# Task instructions
Retype exactly the lines from the line with "plane through (0, 0, 0)" to the end of the data, keeping both boundary lines.
━━ Study material
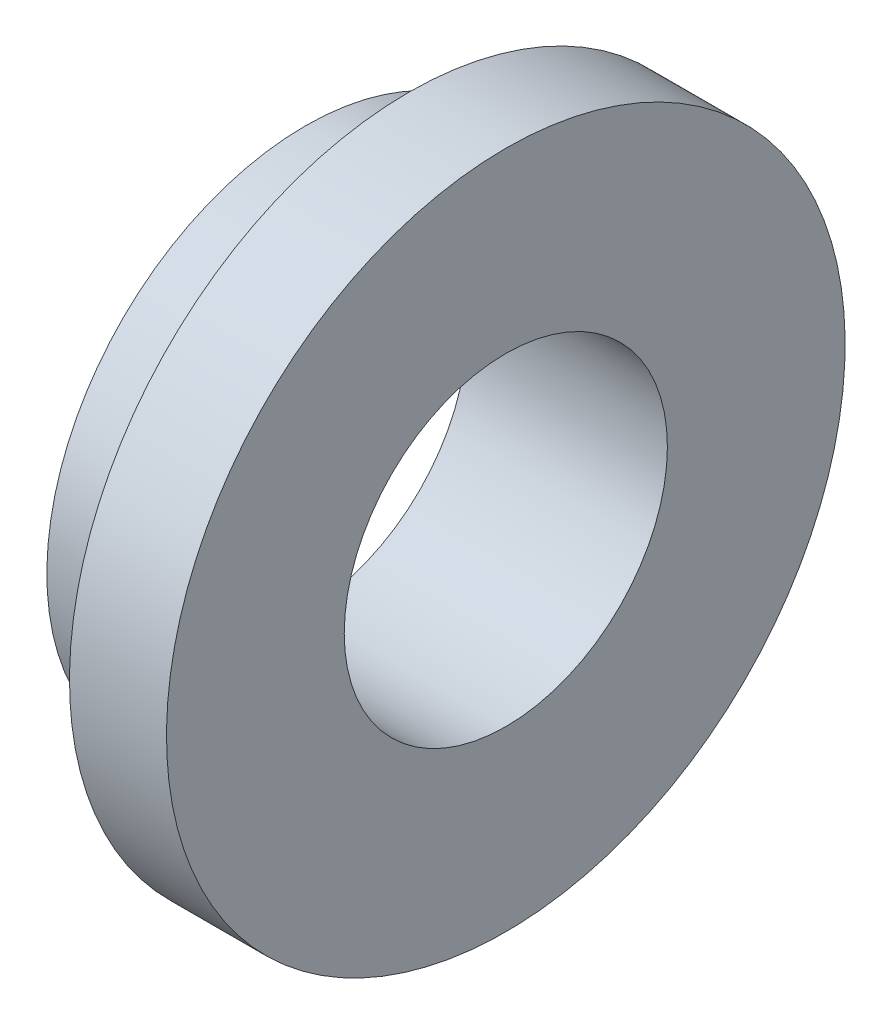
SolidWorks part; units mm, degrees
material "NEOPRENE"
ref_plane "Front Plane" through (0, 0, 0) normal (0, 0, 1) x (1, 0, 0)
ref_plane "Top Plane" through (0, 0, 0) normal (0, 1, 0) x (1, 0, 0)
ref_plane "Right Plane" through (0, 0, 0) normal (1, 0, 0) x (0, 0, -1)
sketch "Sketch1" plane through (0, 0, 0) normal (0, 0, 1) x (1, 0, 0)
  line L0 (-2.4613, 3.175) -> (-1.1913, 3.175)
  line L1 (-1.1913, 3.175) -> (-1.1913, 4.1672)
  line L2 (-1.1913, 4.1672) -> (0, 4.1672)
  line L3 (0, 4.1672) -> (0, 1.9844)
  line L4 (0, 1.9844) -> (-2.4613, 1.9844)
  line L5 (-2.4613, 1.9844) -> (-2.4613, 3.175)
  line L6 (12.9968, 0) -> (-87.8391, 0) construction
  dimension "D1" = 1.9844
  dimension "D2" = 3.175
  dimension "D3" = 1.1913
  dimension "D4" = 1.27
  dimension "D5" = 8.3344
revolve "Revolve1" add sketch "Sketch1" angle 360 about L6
━━━━
# Task response
sketch "Sketch1" plane through (0, 0, 0) normal (0, 0, 1) x (1, 0, 0)
  line L0 (-2.4613, 3.175) -> (-1.1913, 3.175)
  line L1 (-1.1913, 3.175) -> (-1.1913, 4.1672)
  line L2 (-1.1913, 4.1672) -> (0, 4.1672)
  line L3 (0, 4.1672) -> (0, 1.9844)
  line L4 (0, 1.9844) -> (-2.4613, 1.9844)
  line L5 (-2.4613, 1.9844) -> (-2.4613, 3.175)
  line L6 (12.9968, 0) -> (-87.8391, 0) construction
  dimension "D1" = 1.9844
  dimension "D2" = 3.175
  dimension "D3" = 1.1913
  dimension "D4" = 1.27
  dimension "D5" = 8.3344
revolve "Revolve1" add sketch "Sketch1" angle 360 about L6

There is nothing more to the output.